Updated: 12:45 p.m. May 6, 2016.
One of the Phipps Conservatory’s most popular and pungent flowers is gearing up to bloom again this year.
The corpse flower is named “Romero” in honor of George Romero, Pittsburgh’s auteur of such zombie camp films as Night of the Living Dead and Dawn of the Dead. While no one’s sure precisely what a zombie smells like, it’s theorized that the corpse flower’s mix of rotting flesh, sweaty socks, human feces and sweet florals comes pretty close.
The flower last bloomed in 2013, and horticulturalist Laura Schoch said it’s unusual to see a corpse flower bloom again so quickly.
“Our Romero has a little bit of an ego I guess,” she said.
Phipps staff knew the flower would bloom again this year based on the shape of its growth. Every spring for three to 10 years, a corpse flower will grow into what looks like a small tree, with a bright green, spotted stem and a canopy of leaves – which is actually just one leaf with leaflets, said Schoch. It takes so much effort to produce blooms that the plant must gather energy through photosynthesis and store it in its underground bulb-like structure, called a corm, for several years before it is ready to bloom.
In the winter, the leaves rot away and Phipps staff cuts the stem down to the corm, waiting to see what shape emerges in the spring.
Schoch said this year, Romero grew into a light brown phallus shape, indicating it would bloom again. (The flower’s scientific name is amorphophallus titanium, ancient Greek for “giant misshapen phallus.”)
“When it goes into this flowering stage, it starts to grow a rapid rate until it reaches a certain size, right before it blooms,” she said.
Romero has grown about 4 inches a day for the past several days; when growth begins to slow to approximately 1 inch per day it means the flower is about to bloom.
The corpse flower blooms in two phases. The female buds, which live at the bottom of the central phallic protrusion, bloom first for about 12 hours. Then they close up and the male buds bloom for another 12 hours. All told, the blooming cycle lasts only 24-48 hours; a short time window, but long enough to attract the insects that will pollinate it and other plants and propagate the species.
“It stinks because it needs to gather from the forest the beetles and flies that actually bring pollen from other ones to fertilize the female flowers, hang in there for a day, get the male pollen that comes in the second phase, and go off and find another female in the forest,” Schoch said.

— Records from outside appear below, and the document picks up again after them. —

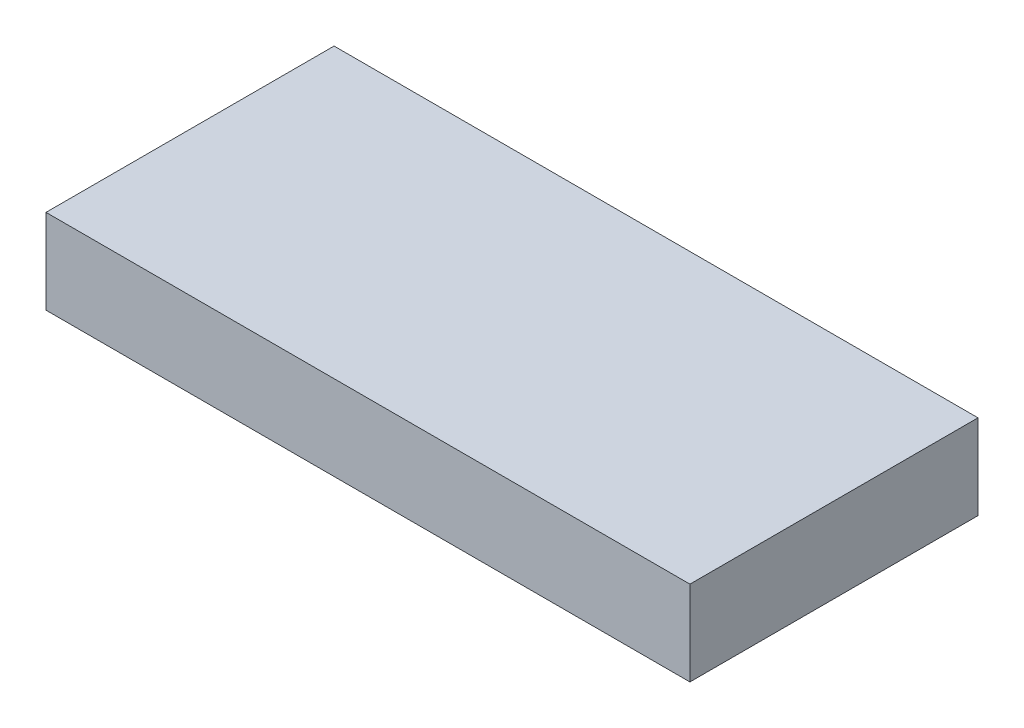
from build123d import *

# Parameters (mm, degrees)
SKETCH1_W           = 38
SKETCH1_H           = 17
BOSS_EXTRUDE1_DEPTH = 5


with BuildPart() as part:
    # Sketch1 → Boss-Extrude1 (new body)
    with BuildSketch(Plane(origin=(0, 0, 0), x_dir=(1, 0, 0), z_dir=(0, 1, 0))):
        Rectangle(SKETCH1_W, SKETCH1_H)
    extrude(amount=BOSS_EXTRUDE1_DEPTH)


solid = part.part

When that happens, staff will monitor the flower closely and will send out calls on social media for people to come to the conservatory and check out the rare blooms. Phipps officials said Romero will likely bloom in the next few days and the conservatory has extended its hours, staying open until midnight.
In 2013, 12,000 people came to get a whiff of Romero’s stench. Schoch said the call went out at around 5 p.m. and it was 2 a.m. before everyone in line got their chance to see the flower.
“It also generates a lot of interest in other plants too, so it’s really nice to see a lot of people in here,” Schoch said. “Maybe this is the first time they’ve been here, so it’s great to see people come and see what else we have to offer.”